Activity →
Output only the lines below that start at the line containing "L2 A0 L1 A2" and end at the line containing "line L2 (0, 9) -> (0, 13)", with both ends kept.

Source material →
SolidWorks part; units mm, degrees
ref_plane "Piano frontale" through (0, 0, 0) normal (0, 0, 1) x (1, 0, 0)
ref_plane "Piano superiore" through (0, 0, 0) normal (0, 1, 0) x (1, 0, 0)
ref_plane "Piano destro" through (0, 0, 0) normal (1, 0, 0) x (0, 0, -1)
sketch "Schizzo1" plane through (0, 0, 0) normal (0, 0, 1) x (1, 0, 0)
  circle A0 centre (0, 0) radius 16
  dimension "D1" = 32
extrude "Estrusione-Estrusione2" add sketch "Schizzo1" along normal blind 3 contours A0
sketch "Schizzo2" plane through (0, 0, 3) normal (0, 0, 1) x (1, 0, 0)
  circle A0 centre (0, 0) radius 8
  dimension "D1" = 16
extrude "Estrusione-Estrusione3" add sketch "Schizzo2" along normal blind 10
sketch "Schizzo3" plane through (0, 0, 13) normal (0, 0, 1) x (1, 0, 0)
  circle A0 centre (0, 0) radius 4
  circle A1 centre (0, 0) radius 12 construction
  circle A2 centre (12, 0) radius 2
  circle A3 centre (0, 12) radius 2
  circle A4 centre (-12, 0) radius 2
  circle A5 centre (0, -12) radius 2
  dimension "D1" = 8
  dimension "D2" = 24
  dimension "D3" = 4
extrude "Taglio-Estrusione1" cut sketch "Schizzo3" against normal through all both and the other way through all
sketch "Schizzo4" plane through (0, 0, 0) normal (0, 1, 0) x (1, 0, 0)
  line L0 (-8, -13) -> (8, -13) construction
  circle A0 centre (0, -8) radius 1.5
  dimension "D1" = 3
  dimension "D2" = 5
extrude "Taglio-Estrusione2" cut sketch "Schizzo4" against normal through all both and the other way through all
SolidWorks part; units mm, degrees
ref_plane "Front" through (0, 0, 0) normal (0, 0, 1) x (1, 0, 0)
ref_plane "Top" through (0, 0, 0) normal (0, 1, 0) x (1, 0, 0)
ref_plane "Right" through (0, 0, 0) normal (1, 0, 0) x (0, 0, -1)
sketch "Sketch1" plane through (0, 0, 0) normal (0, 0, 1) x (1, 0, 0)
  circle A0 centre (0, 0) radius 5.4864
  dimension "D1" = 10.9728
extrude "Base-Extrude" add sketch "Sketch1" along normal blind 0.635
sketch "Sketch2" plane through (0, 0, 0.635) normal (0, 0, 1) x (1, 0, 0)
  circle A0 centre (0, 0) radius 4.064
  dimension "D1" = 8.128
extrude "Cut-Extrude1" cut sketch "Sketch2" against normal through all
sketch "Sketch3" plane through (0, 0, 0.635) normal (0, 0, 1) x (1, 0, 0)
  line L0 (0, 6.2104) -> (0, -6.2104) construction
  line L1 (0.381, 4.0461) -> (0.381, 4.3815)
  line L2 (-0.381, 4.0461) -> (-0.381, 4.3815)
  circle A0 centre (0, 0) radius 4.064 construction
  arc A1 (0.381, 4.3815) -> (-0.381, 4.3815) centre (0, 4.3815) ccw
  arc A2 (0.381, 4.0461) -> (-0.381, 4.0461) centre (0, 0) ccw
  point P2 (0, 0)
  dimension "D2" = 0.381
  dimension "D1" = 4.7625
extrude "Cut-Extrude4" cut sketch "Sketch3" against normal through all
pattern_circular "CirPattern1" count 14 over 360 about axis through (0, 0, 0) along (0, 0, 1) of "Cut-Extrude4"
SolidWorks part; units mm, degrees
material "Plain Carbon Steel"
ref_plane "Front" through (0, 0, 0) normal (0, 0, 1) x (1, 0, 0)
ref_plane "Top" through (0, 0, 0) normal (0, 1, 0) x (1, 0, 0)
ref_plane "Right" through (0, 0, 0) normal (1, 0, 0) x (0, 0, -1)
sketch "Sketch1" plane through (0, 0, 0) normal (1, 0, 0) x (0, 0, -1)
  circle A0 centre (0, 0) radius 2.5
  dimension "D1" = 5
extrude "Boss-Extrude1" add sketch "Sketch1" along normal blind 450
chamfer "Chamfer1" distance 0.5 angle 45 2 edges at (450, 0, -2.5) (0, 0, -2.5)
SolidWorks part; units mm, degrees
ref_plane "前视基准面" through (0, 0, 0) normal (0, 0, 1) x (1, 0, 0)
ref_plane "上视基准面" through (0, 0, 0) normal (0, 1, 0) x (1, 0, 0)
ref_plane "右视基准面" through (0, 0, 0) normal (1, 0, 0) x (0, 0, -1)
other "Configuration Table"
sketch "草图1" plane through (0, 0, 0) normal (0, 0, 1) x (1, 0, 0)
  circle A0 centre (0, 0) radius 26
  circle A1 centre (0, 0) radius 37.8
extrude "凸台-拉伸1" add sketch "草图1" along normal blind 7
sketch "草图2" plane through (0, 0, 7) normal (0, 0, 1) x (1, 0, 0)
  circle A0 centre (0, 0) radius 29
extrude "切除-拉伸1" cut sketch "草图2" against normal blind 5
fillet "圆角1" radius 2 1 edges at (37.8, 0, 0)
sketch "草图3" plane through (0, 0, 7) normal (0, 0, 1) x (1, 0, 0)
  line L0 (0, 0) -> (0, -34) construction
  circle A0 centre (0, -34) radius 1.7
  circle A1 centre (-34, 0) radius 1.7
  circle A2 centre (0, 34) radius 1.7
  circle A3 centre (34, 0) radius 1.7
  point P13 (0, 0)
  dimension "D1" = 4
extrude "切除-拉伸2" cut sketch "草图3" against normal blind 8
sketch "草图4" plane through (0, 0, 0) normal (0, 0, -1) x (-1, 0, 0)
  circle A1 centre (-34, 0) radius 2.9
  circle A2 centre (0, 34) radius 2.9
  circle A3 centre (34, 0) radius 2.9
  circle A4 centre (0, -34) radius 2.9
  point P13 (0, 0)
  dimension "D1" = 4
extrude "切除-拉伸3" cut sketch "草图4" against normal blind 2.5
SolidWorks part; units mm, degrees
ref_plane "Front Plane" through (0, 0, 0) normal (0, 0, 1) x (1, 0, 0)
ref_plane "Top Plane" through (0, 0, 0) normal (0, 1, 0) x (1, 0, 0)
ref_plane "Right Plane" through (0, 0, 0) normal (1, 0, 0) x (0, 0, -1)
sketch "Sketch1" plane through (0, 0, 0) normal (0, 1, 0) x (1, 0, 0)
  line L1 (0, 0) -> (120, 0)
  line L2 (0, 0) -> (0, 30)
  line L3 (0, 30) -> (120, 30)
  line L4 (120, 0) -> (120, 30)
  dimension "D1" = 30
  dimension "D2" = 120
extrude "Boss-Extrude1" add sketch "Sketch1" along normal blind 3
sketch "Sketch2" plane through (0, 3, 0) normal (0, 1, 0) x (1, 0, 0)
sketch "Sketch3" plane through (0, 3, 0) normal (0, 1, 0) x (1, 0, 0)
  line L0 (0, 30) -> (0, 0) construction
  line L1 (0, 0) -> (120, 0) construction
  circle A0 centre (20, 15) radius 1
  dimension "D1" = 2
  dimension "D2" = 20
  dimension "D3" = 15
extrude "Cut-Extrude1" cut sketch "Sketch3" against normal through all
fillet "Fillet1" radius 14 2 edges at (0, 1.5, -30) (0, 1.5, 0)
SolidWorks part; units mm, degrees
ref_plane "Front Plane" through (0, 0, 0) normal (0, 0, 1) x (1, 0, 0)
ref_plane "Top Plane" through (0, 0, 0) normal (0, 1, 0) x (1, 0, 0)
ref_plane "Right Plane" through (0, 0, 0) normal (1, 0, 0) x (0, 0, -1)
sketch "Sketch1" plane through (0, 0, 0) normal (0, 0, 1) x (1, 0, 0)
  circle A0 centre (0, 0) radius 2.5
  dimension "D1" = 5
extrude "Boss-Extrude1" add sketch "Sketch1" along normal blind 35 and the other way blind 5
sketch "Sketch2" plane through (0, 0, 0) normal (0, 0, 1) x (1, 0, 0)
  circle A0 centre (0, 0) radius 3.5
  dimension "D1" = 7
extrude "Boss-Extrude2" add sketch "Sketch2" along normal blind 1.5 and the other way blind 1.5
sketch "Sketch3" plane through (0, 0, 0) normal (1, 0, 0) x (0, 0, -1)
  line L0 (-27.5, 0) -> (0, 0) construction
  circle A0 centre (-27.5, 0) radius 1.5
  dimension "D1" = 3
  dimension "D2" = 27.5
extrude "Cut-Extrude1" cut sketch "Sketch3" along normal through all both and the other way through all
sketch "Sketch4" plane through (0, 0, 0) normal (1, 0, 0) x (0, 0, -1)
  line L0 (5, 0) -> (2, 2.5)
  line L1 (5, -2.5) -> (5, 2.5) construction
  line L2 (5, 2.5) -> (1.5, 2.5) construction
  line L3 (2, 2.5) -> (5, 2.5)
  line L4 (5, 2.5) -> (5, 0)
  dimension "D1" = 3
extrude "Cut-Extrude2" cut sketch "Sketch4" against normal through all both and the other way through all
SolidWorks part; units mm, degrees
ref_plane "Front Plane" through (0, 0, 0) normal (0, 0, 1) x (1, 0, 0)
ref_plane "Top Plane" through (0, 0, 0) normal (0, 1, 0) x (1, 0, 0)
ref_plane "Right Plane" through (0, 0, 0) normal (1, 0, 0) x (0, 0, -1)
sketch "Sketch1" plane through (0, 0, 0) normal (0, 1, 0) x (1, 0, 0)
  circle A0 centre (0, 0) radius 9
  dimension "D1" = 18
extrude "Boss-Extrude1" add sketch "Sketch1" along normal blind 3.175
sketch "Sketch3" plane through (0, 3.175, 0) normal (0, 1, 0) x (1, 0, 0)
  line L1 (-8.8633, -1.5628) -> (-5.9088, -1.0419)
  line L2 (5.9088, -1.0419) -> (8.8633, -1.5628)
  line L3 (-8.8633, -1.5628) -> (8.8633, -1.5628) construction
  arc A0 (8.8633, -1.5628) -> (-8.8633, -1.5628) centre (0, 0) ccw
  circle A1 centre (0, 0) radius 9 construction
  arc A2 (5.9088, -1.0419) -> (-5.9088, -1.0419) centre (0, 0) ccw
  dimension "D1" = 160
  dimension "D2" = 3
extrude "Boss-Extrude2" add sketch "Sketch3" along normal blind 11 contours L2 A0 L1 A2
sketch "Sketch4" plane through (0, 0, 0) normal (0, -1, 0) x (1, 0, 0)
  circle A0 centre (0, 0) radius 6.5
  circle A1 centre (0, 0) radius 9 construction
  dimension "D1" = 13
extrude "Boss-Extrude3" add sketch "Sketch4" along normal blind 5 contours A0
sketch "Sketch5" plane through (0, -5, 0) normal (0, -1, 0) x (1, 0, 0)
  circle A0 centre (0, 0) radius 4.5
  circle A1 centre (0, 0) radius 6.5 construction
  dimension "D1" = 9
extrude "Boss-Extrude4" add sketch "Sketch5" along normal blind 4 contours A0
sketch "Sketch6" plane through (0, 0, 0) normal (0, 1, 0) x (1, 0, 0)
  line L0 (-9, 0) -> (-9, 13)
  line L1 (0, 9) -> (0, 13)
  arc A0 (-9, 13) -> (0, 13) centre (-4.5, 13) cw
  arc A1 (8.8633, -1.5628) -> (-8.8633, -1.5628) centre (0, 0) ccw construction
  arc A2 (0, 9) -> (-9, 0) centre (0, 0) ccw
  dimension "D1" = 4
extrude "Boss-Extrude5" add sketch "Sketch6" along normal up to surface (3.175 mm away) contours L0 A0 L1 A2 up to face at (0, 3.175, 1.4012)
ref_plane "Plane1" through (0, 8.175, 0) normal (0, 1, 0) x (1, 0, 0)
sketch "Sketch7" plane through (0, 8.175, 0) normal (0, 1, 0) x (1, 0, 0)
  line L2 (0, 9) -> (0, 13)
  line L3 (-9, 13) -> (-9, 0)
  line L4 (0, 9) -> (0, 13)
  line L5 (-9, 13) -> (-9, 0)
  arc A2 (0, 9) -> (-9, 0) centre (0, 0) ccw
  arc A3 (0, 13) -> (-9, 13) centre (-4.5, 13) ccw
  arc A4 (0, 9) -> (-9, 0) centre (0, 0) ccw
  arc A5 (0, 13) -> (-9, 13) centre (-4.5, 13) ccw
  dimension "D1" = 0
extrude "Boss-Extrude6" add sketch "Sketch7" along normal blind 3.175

Response to the task →
extrude "Boss-Extrude2" add sketch "Sketch3" along normal blind 11 contours L2 A0 L1 A2
sketch "Sketch4" plane through (0, 0, 0) normal (0, -1, 0) x (1, 0, 0)
  circle A0 centre (0, 0) radius 6.5
  circle A1 centre (0, 0) radius 9 construction
  dimension "D1" = 13
extrude "Boss-Extrude3" add sketch "Sketch4" along normal blind 5 contours A0
sketch "Sketch5" plane through (0, -5, 0) normal (0, -1, 0) x (1, 0, 0)
  circle A0 centre (0, 0) radius 4.5
  circle A1 centre (0, 0) radius 6.5 construction
  dimension "D1" = 9
extrude "Boss-Extrude4" add sketch "Sketch5" along normal blind 4 contours A0
sketch "Sketch6" plane through (0, 0, 0) normal (0, 1, 0) x (1, 0, 0)
  line L0 (-9, 0) -> (-9, 13)
  line L1 (0, 9) -> (0, 13)
  arc A0 (-9, 13) -> (0, 13) centre (-4.5, 13) cw
  arc A1 (8.8633, -1.5628) -> (-8.8633, -1.5628) centre (0, 0) ccw construction
  arc A2 (0, 9) -> (-9, 0) centre (0, 0) ccw
  dimension "D1" = 4
extrude "Boss-Extrude5" add sketch "Sketch6" along normal up to surface (3.175 mm away) contours L0 A0 L1 A2 up to face at (0, 3.175, 1.4012)
ref_plane "Plane1" through (0, 8.175, 0) normal (0, 1, 0) x (1, 0, 0)
sketch "Sketch7" plane through (0, 8.175, 0) normal (0, 1, 0) x (1, 0, 0)
  line L2 (0, 9) -> (0, 13)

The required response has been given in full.